Pensions and ill-health
31 October 2022
Key points
- The ill-health rules allow access to pension benefits at any age
- If the member's life expectancy is less than a year, the benefits can sometimes be taken as a tax free lump.
- Medical evidence is needed for ill-health claims
- Accessing pension benefits could impact on State benefits
Jump to the following sections of this guide:
Ill-health and retirement options
Individuals unable to work due to a physical or mental medical condition can usually access their pension savings at any age. They don't have to be aged 55 or over.

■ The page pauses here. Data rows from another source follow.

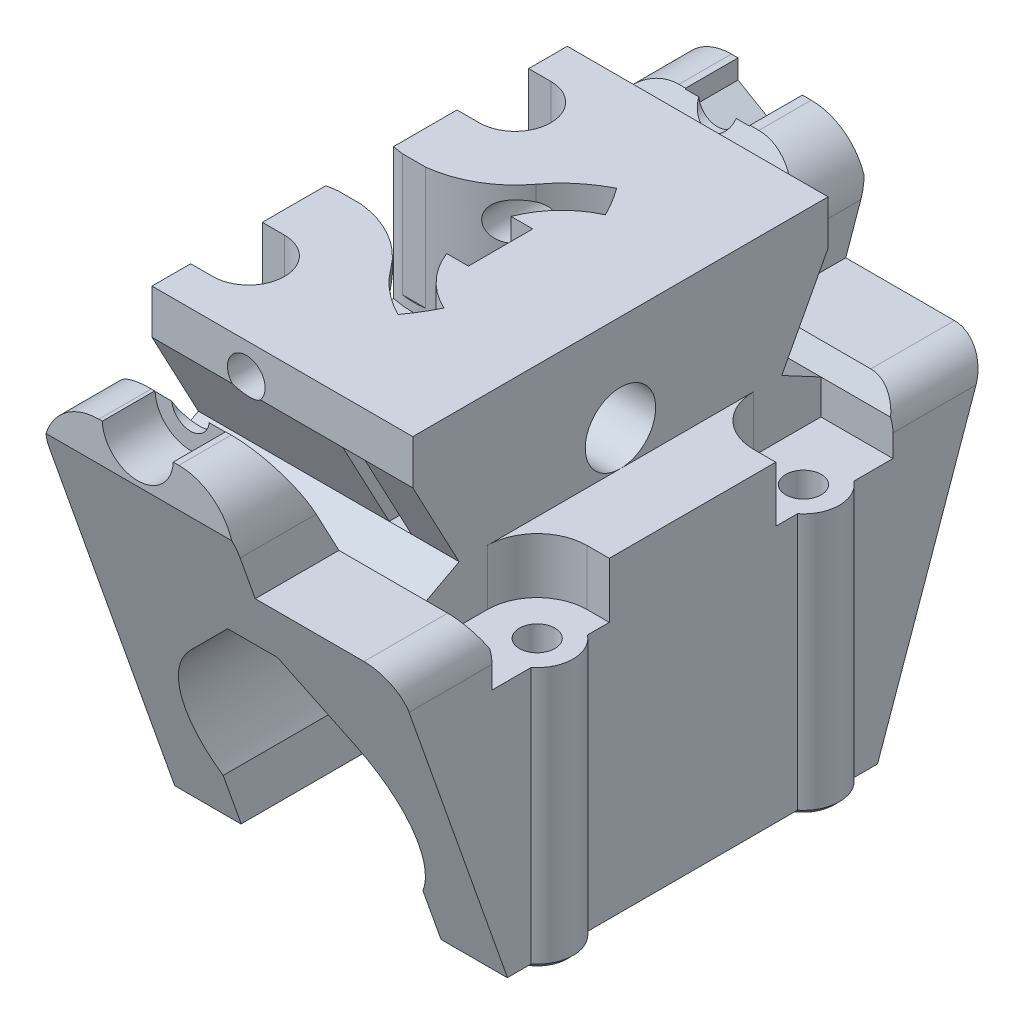
SolidWorks part; units mm, degrees
ref_plane "Front Plane" through (0, 0, 0) normal (0, 0, 1) x (1, 0, 0)
ref_plane "Top Plane" through (0, 0, 0) normal (0, 1, 0) x (1, 0, 0)
ref_plane "Right Plane" through (0, 0, 0) normal (1, 0, 0) x (0, 0, -1)
sketch "Sketch2" plane through (0, 0, 0) normal (1, 0, 0) x (0, 0, -1)
  line L0 (-104.5, 178.7) -> (-15, 10.5) construction
  line L1 (-15, -10.5) -> (15, -10.5) construction
  line L2 (-15, -10.5) -> (-15, 10.5) construction
  line L3 (-15, 10.5) -> (15, 10.5) construction
  line L4 (15, -10.5) -> (15, 10.5) construction
  line L5 (-15, -10.5) -> (15, 10.5) construction
  line L6 (-15, 10.5) -> (15, -10.5) construction
  line L7 (-18.7166, 26) -> (18.7166, 26) construction
  line L8 (0, 26) -> (0, -12.5) construction
  line L9 (-28.5, -10.5) -> (28.5, -10.5)
  line L10 (14.536, 18.1432) -> (18.7166, 26)
  line L11 (-16, 26) -> (28.5, -10.5) construction
  line L12 (-28.5, -10.5) -> (16, 26) construction
  line L13 (-29.5081, -14.5) -> (29.5081, -14.5) construction
  line L14 (-29.5081, -14.5) -> (-29.5081, -10.5) construction
  line L15 (-29.5081, -10.5) -> (29.5081, -10.5) construction
  line L16 (29.5081, -14.5) -> (29.5081, -10.5) construction
  line L17 (-29.5081, -14.5) -> (29.5081, -10.5) construction
  line L18 (-29.5081, -10.5) -> (29.5081, -14.5) construction
  line L19 (-104.5, 178.7) -> (104.5, 178.7) construction
  line L20 (-104.5, 178.7) -> (-104.5, -30.3) construction
  line L21 (-104.5, -30.3) -> (104.5, -30.3) construction
  line L22 (104.5, 178.7) -> (104.5, -30.3) construction
  line L23 (-104.5, 178.7) -> (104.5, -30.3) construction
  line L24 (-104.5, -30.3) -> (104.5, 178.7) construction
  line L25 (-14.536, 18.1432) -> (-18.0672, 16.2643)
  line L26 (-14.536, 18.1432) -> (-18.7166, 26)
  line L27 (-18.0672, 16.2643) -> (-23.7797, 27)
  line L28 (-28.5, 27) -> (-28.5, -10.5)
  line L29 (14.536, 18.1432) -> (18.0672, 16.2643)
  line L30 (-18.7166, 26) -> (-22.2478, 24.121) construction
  line L31 (28.5, 27) -> (28.5, -10.5)
  line L32 (18.7166, 26) -> (18.7166, 30)
  line L33 (18.7166, 30) -> (-18.7166, 30)
  line L34 (-18.7166, 30) -> (-18.7166, 26)
  line L35 (18.0672, 16.2643) -> (23.7797, 27)
  line L36 (22.2478, 24.121) -> (28.5, 24.121) construction
  line L37 (18.7166, 26) -> (22.2478, 24.121) construction
  line L38 (-22.2478, 24.121) -> (-28.5, 24.121) construction
  line L39 (23.7797, 27) -> (28.5, 27)
  line L40 (-23.7797, 27) -> (-28.5, 27)
  point P0 (0, 0)
  point P6 (0, 12.8764)
  point P11 (0, -12.5)
  point P16 (0, 74.2)
  point P32 (0, -10.5)
  dimension "D1" = 21
  dimension "D2" = 30
  dimension "D3" = 32
  dimension "D4" = 26
  dimension "D5" = 4
  dimension "D6" = 17.8
  dimension "D7" = 209
  dimension "D8" = 184
  dimension "D9" = 57
  dimension "D10" = 4
  dimension "D11" = 4
  dimension "D12" = 3
extrude "Boss-Extrude1" add sketch "Sketch2" along normal blind 30
chamfer "Chamfer4" distance 34 distance2 12 1 edges at (15, -10.5, 28.5) first distance on face at (15, 8.25, 28.5)
chamfer "Chamfer3" distance 12 distance2 34 1 edges at (15, -10.5, -28.5) first distance on face at (15, -10.5, -6)
sketch "Sketch3" plane through (0, 0, -28.5) normal (0, 0, -1) x (-1, 0, 0)
  line L0 (-30, -10.5) -> (0, -10.5) construction
  line L1 (-24, -5.4083) -> (-24, -10.5)
  line L2 (-24, -10.5) -> (-6, -10.5)
  line L3 (-6, -10.5) -> (-6, -5.4083)
  line L4 (-15, 0) -> (-7.5754, 7.4246) construction
  line L5 (-7.5754, 7.4246) -> (-12.7508, 12.6)
  line L6 (-12.7508, 12.6) -> (-17.2492, 12.6)
  line L7 (-17.2492, 12.6) -> (-22.4246, 7.4246)
  line L8 (-22.4246, 7.4246) -> (-15, 0) construction
  arc A0 (-6, -5.4083) -> (-7.5754, 7.4246) centre (-15, 0) ccw
  arc A1 (-22.4246, 7.4246) -> (-24, -5.4083) centre (-15, 0) ccw
  point P2 (-15, -10.5)
  point P12 (-15, 10.5)
  dimension "D1" = 21
  dimension "D2" = 18
  dimension "D3" = 2.1
extrude "Cut-Extrude1" cut sketch "Sketch3" against normal through all
sketch "Sketch4" plane through (0, -10.5, 0) normal (0, -1, 0) x (1, 0, 0)
  line L0 (0, 0) -> (30, 0) construction
  line L1 (30, 16.5) -> (30, -16.5) construction
  line L3 (2, -12) -> (28, -12) construction
  line L4 (2, -12) -> (2, 12) construction
  line L5 (2, 12) -> (28, 12) construction
  line L6 (28, -12) -> (28, 12) construction
  line L7 (2, -12) -> (28, 12) construction
  line L8 (2, 12) -> (28, -12) construction
  circle A0 centre (28, 12) radius 1.6
  circle A1 centre (28, -12) radius 1.6
  circle A2 centre (2, -12) radius 1.6
  circle A3 centre (2, 12) radius 1.6
  point P5 (15, 0)
  dimension "D3" = 3.2
  dimension "D1" = 26
  dimension "D2" = 24
extrude "Cut-Extrude2" cut sketch "Sketch4" against normal through all
chamfer "Chamfer1" [suppressed] distance 11 distance2 8
sketch "Sketch5" plane through (0, -10.5, 0) normal (0, -1, 0) x (1, 0, 0)
  line L0 (30, 14.536) -> (30, 9.464)
  line L1 (30, 16.5) -> (30, -16.5) construction
  line L2 (0, 14.536) -> (0, 9.464)
  line L3 (0, -9.464) -> (0, -14.536)
  line L4 (30, -9.464) -> (30, -14.536)
  line L5 (0, 16.5) -> (0, -16.5) construction
  arc A0 (30, 9.464) -> (30, 14.536) centre (28, 12) ccw
  arc A1 (30, -14.536) -> (30, -9.464) centre (28, -12) ccw
  arc A2 (0, -9.464) -> (0, -14.536) centre (2, -12) ccw
  arc A3 (0, 14.536) -> (0, 9.464) centre (2, 12) ccw
  circle A5 centre (28, -12) radius 1.6 construction
extrude "Boss-Extrude2" add sketch "Sketch5" along direction (0, 1, 0) on the side against the normal through all
sketch "Sketch7" plane through (0, 30, 0) normal (0, 1, 0) x (1, 0, 0)
  line L0 (2, 8.7703) -> (-1.2297, 8.7703)
  line L1 (15, 19.7808) -> (15, -19.7808) construction
  line L4 (-1.2297, 8.7703) -> (-1.2297, 15.2297)
  line L5 (0, 0) -> (30, 0) construction
  line L6 (31.2297, 15.2297) -> (28, 15.2297)
  line L7 (-1.2297, 15.2297) -> (2, 15.2297)
  line L8 (31.2297, 8.7703) -> (31.2297, 15.2297)
  line L9 (28, 8.7703) -> (31.2297, 8.7703)
  line L10 (28, -8.7703) -> (31.2297, -8.7703)
  line L11 (31.2297, -8.7703) -> (31.2297, -15.2297)
  line L12 (-1.2297, -15.2297) -> (2, -15.2297)
  line L13 (31.2297, -15.2297) -> (28, -15.2297)
  line L14 (-1.2297, -8.7703) -> (-1.2297, -15.2297)
  line L15 (2, -8.7703) -> (-1.2297, -8.7703)
  arc A0 (2, 8.7703) -> (2, 15.2297) centre (2, 12) ccw
  arc A1 (28, 8.7703) -> (28, 15.2297) centre (28, 12) cw
  arc A2 (28, -8.7703) -> (28, -15.2297) centre (28, -12) ccw
  arc A3 (2, -8.7703) -> (2, -15.2297) centre (2, -12) cw
  arc A4 (0, 14.536) -> (0, 9.464) centre (2, 12) ccw construction
extrude "Cut-Extrude6" cut sketch "Sketch7" against normal offset from surface (7 mm away) 33.5 up to face at (2, -10.5, 10.4)
ref_axis "Axis1" through (15, 0, 22.8263) along (0, 0, -1)
sketch "Sketch8" plane through (0, 30, 0) normal (0, 1, 0) x (1, 0, 0)
  line L1 (19.2, -29.9577) -> (17.2, -29.9577)
  line L2 (19.2, -18.7166) -> (19.2, -10.8167)
  line L3 (19.2, 29.9577) -> (17.2, 29.9577)
  line L4 (17.2, -29.9577) -> (17.2, -13.4164)
  line L5 (19.2, -29.9577) -> (17.2, 29.9577) construction
  line L6 (19.2, 29.9577) -> (17.2, -29.9577) construction
  line L7 (15, -22.8263) -> (15, 22.8263) construction
  line L8 (17.2, 13.4164) -> (17.2, 29.9577)
  line L9 (34.5, -29.9577) -> (23.5, -29.9577)
  line L10 (34.5, -29.9577) -> (34.5, 29.9577)
  line L11 (34.5, 29.9577) -> (23.5, 29.9577)
  line L12 (23.5034, -18.7166) -> (23.5034, 18.7166)
  line L13 (34.5, -29.9577) -> (23.5, 29.9577) construction
  line L14 (34.5, 29.9577) -> (23.5, -29.9577) construction
  line L15 (19.2, 10.8167) -> (19.2, 19.7808)
  line L16 (-7.1604, 12) -> (-7.1604, 28.5)
  line L17 (-7.1604, 28.5) -> (-15.4886, 28.5)
  line L18 (-15.4886, 28.5) -> (-15.4886, -28.5)
  line L19 (-15.4886, 0) -> (29, 0) construction
  line L20 (-7.1604, -28.5) -> (-15.4886, -28.5)
  line L21 (-7.1604, -12) -> (-7.1604, -28.5)
  line L24 (19.2, 19.7808) -> (23.5034, 18.7166)
  line L25 (30, 18.7166) -> (0, 18.7166) construction
  line L26 (19.2, 29.9577) -> (23.5, 29.9577)
  line L27 (23.5034, -18.7166) -> (19.2, -18.7166)
  line L28 (30, -18.7166) -> (0, -18.7166) construction
  line L29 (19.2, -29.9577) -> (23.5, -29.9577)
  arc A0 (16.7455, 7.8667) -> (16.7455, -7.8667) centre (18.2, 0) ccw
  arc A1 (15.0571, 10.5415) -> (9.3609, 6.5475) centre (18.2, 0) ccw
  arc A2 (-7.1604, 12) -> (9.3609, 6.5475) centre (2, 12) ccw
  arc A3 (17.2, -13.4164) -> (15.0571, -10.5415) centre (14.2, -13.4164) ccw
  arc A4 (19.2, -10.8167) -> (16.7455, -7.8667) centre (16.2, -10.8167) ccw
  arc A5 (16.7455, 7.8667) -> (19.2, 10.8167) centre (16.2, 10.8167) ccw
  arc A6 (15.0571, 10.5415) -> (17.2, 13.4164) centre (14.2, 13.4164) ccw
  arc A8 (-7.1604, -12) -> (9.3609, -6.5475) centre (2, -12) cw
  arc A9 (9.3609, -6.5475) -> (15.0571, -10.5415) centre (18.2, 0) ccw
  point P0 (18.2, 0)
  point P10 (29, 0)
  point P32 (2, 12)
  point P40 (2, -12)
  dimension "D5" = 3
  dimension "D6" = 3
  dimension "D7" = 3
  dimension "D8" = 3
  dimension "D9" = 3
  dimension "D10" = 8
  dimension "D1" = 3.2
  dimension "D2" = 2
  dimension "D3" = 14
  dimension "D4" = 11
extrude "Cut-Extrude7" cut sketch "Sketch8" against normal up to vertex (11.8568 mm away) up to point (0, 18.1432, 14.536)
sketch "Sketch9" plane through (0, 18.1432, 0) normal (0, 1, 0) x (1, 0, 0)
  line L0 (5.2297, 12) -> (5.2297, 19.7808)
  line L2 (5.2297, 19.7808) -> (-1.2297, 19.7808)
  line L3 (-1.2297, 19.7808) -> (-1.2297, 8.7703)
  line L4 (-1.2297, 8.7703) -> (2, 8.7703)
  line L5 (0, 0) -> (30, 0) construction
  line L7 (15, 28.5567) -> (15, -28.5201) construction
  line L8 (15, -22.8263) -> (15, 22.8263) construction
  line L9 (31.2297, 8.7703) -> (28, 8.7703)
  line L10 (31.2297, 19.7808) -> (31.2297, 8.7703)
  line L11 (24.7703, 19.7808) -> (31.2297, 19.7808)
  line L12 (24.7703, 12) -> (24.7703, 19.7808)
  line L13 (24.7703, -12) -> (24.7703, -19.7808)
  line L14 (24.7703, -19.7808) -> (31.2297, -19.7808)
  line L15 (31.2297, -19.7808) -> (31.2297, -8.7703)
  line L16 (31.2297, -8.7703) -> (28, -8.7703)
  line L17 (-1.2297, -8.7703) -> (2, -8.7703)
  line L18 (-1.2297, -19.7808) -> (-1.2297, -8.7703)
  line L19 (5.2297, -19.7808) -> (-1.2297, -19.7808)
  line L20 (5.2297, -12) -> (5.2297, -19.7808)
  arc A0 (2, 8.7703) -> (5.2297, 12) centre (2, 12) ccw
  arc A1 (28, 8.7703) -> (24.7703, 12) centre (28, 12) cw
  arc A2 (28, -8.7703) -> (24.7703, -12) centre (28, -12) ccw
  arc A3 (2, -8.7703) -> (5.2297, -12) centre (2, -12) cw
extrude "Cut-Extrude8" [suppressed] cut sketch "Sketch9" against normal up to surface and the other way through all
sketch "Sketch10" plane through (0, 30, 0) normal (0, 1, 0) x (1, 0, 0)
  line L0 (5.1822, 15.7238) -> (5.1822, 18.7166)
  line L1 (5.1822, 18.7166) -> (23.5034, 18.7166)
  line L2 (23.5034, 18.7166) -> (23.5034, -18.7166)
  line L3 (23.5034, -18.7166) -> (5.1822, -18.7166)
  line L4 (5.1822, -18.7166) -> (5.1822, -15.7238)
  line L5 (23.5034, -18.7166) -> (23.5034, 18.7166) construction
  arc A0 (5.1822, -15.7238) -> (5.1822, 15.7238) centre (0, 0) ccw
extrude "Boss-Extrude3" add sketch "Sketch10" against normal blind 4
sketch "Sketch11" plane through (0, 18.1432, 0) normal (0, 1, 0) x (1, 0, 0)
  line L0 (23.5034, 12) -> (23.5034, 18.0672)
  line L1 (23.5034, -18.7166) -> (23.5034, 18.7166) construction
  line L2 (30, 18.0672) -> (0, 18.0672) construction
  line L3 (23.5034, 18.0672) -> (32.4966, 18.0672)
  line L4 (32.4966, 18.0672) -> (32.4966, 7.5034)
  line L5 (32.4966, 7.5034) -> (28, 7.5034)
  arc A0 (23.5034, 12) -> (28, 7.5034) centre (28, 12) ccw
extrude "Cut-Extrude9" cut sketch "Sketch11" against normal blind 5
mirror "Mirror1" about plane through (0, 0, 0) normal (0, 0, 1) of "Cut-Extrude9"
sketch "Sketch12" plane through (0, 0, 0) normal (0, 0, 1) x (1, 0, 0)
  line L0 (0, 27) -> (0, 23.5) construction
  line L1 (17.2, 18.1432) -> (0, 18.1432) construction
  circle A0 centre (8.5, 27.1432) radius 1.7
  dimension "D3" = 3.4
  dimension "D1" = 8.5
  dimension "D2" = 9
extrude "Cut-Extrude10" cut sketch "Sketch12" against normal through all and the other way through all
sketch "Sketch13" plane through (30, 0, 0) normal (1, 0, 0) x (0, 0, -1)
  line L0 (-19.067, 18.1432) -> (-22.2478, 24.121)
  line L1 (-28.5, 18.1432) -> (-19.067, 18.1432)
  line L2 (-28.5, 18.1432) -> (-28.5, 24.121)
  line L3 (-28.5, 24.121) -> (-22.2478, 24.121)
  line L4 (28.5, 18.1432) -> (28.5, 24.121)
  line L5 (-23.7797, 27) -> (-19.067, 18.1432) construction
  line L6 (19.067, 18.1432) -> (22.2478, 24.121)
  line L7 (19.067, 18.1432) -> (23.7797, 27) construction
  line L8 (19.067, 18.1432) -> (28.5, 18.1432)
  line L9 (22.2478, 24.121) -> (28.5, 24.121)
extrude "Cut-Extrude11" cut sketch "Sketch13" against normal up to surface (12.8 mm away) up to face at (17.2, 22.7573, 25.2912)
sketch "Sketch14" plane through (23.5034, 0, 0) normal (1, 0, 0) x (0, 0, -1)
  line L0 (7.5034, 18.1432) -> (-7.5034, 18.1432) construction
  circle A0 centre (0, 21.3182) radius 1.7
  point P2 (0, 18.1432)
  dimension "D1" = 3.4
  dimension "D2" = 3.175
extrude "Cut-Extrude12" cut sketch "Sketch14" against normal through all
sketch "Sketch15" plane through (23.5034, 0, 0) normal (1, 0, 0) x (0, 0, -1)
  circle A0 centre (0, 21.3182) radius 3.175
extrude "Cut-Extrude13" cut sketch "Sketch15" against normal blind 6
ref_plane "Plane1" through (10.2, 0, 0) normal (-1, 0, 0) x (0, 0, 1)
sketch "Sketch16" plane through (10.2, 0, 0) normal (-1, 0, 0) x (0, 0, 1)
  line L0 (-2.9, 30) -> (2.9, 30)
  line L1 (0, 17.3152) -> (2.9, 18.9895)
  line L2 (2.9, 18.9895) -> (2.9, 30)
  line L3 (2.9, 22.3381) -> (0, 24.0124) construction
  line L4 (0, 24.0124) -> (-2.9, 22.3381) construction
  line L5 (-2.9, 30) -> (-2.9, 18.9895)
  line L6 (-2.9, 18.9895) -> (0, 17.3152)
  line L7 (7.2748, 30) -> (-7.2748, 30) construction
  circle A0 centre (0, 20.6638) radius 2.9 construction
  point P12 (0, 21.3182)
  dimension "D1" = 5.8
extrude "Cut-Extrude14" cut sketch "Sketch16" against normal blind 2.5 and the other way through all
sketch "Sketch17" plane through (0, 0, 28.5) normal (0, 0, 1) x (1, 0, 0)
  line L0 (5.3, 27.1432) -> (5.3, 31.7822)
  line L1 (5.3, 31.7822) -> (11.7, 31.7822)
  line L2 (11.7, 31.7822) -> (11.7, 27.1432)
  arc A0 (5.3, 27.1432) -> (11.7, 27.1432) centre (8.5, 27.1432) ccw
  dimension "D1" = 6.4
extrude "Cut-Extrude15" cut sketch "Sketch17" against normal offset from surface (4.75 mm away) 23.75 up to plane "Front Plane"
sketch "Sketch18" plane through (0, 0, -28.5) normal (0, 0, -1) x (-1, 0, 0)
  line L0 (-11.4, 31.9524) -> (-5.6, 31.9524)
  line L1 (-8.5, 23.5946) -> (-5.6, 25.2689)
  line L2 (-5.6, 25.2689) -> (-5.6, 31.9524)
  line L3 (-5.6, 28.6176) -> (-8.5, 30.2919) construction
  line L4 (-8.5, 30.2919) -> (-11.4, 28.6176) construction
  line L5 (-11.4, 31.9524) -> (-11.4, 25.2689)
  line L6 (-11.4, 25.2689) -> (-8.5, 23.5946)
  circle A0 centre (-8.5, 26.9432) radius 2.9 construction
  point P1 (-8.5, 27.1432)
  dimension "D1" = 5.8
  dimension "D2" = 0.2
extrude "Cut-Extrude16" cut sketch "Sketch18" against normal offset from surface (4.75 mm away) 23.75 up to plane "Front Plane"
fillet "Fillet1" radius 5 4 edges at (0, 27, -26.1399) (17.2, 27, -26.1399) (17.2, 27, 26.1399) (0, 27, 26.1399)
fillet "Fillet2" radius 3 2 edges at (30, 18.1432, -22.8382) (30, 18.1432, 22.8382)
chamfer "Chamfer2" distance 0.5 angle 45 20 edges at (30, -10.5, 15.518) (31.2297, -10.5, 12) (30, -10.5, 0) (31.2297, -10.5, -12) (30, -10.5, -15.518) (24, -10.5, 0) (28, -10.5, 10.4) (28, -10.5, -13.6) (0, -10.5, -15.518) (-1.2297, -10.5, -12) (0, -10.5, 0) (-1.2297, -10.5, 12) (0, -10.5, 15.518) (6, -10.5, 0) (2, -10.5, -13.6) (2, -10.5, 10.4) (27, -10.5, 16.5) (3, -10.5, 16.5) (27, -10.5, -16.5) (3, -10.5, -16.5) first distance on face at (30, 5.9288, 17.8761) first distance on face at (30.6149, 1.3216, 12) first distance on face at (30, 8.4824, 0) first distance on face at (30.6149, 1.3216, -12) first distance on face at (30, 5.9288, -17.8761) first distance on face at (24, -7.9542, 0) first distance on face at (28, -10.5, -13.6) first distance on face at (0, 9.5679, -18.7882) first distance on face at (-0.4919, 8.6286, -12.5072) first distance on face at (0, 18.7259, 0) first distance on face at (-0.4919, 8.6286, 12.5072) first distance on face at (0, 9.5679, 18.7882) first distance on face at (6, -7.9542, 0) first distance on face at (2, -10.5, 10.4) first distance on face at (15.2483, 7.6967, 22.9224) first distance on face at (15.2483, 7.6967, -22.9224)
equation "\"D1@Sketch8\" = 9 - ( 11.6 / 2 )"
equation "\"D2@Sketch14\"=6.35/2"

HMRC recognises two situations where benefits may be taken early on health grounds. These are:
- Ill-health - Where an individual is unable to continue doing their job for health reasons
- Serious ill-health - Where an individual has a life expectancy of less than 12 months
Although the law allows this, pension scheme rules might not permit early retirement based on these definitions - they can set their own criteria. Potentially a scheme could, for example, only accept claims for specifically listed illnesses, or require that an individual is unable to carry out any occupation, not just their own.
Medical evidence
Before paying benefits on ill-health grounds, the scheme administrator must have medical evidence that the individual is (and will continue to be) incapable of carrying out their occupation because of physical or mental impairment and has actually stopped working. This could, for example, take the form of a letter or medical report from the individual's doctor that states the nature of the illness and their inability to work.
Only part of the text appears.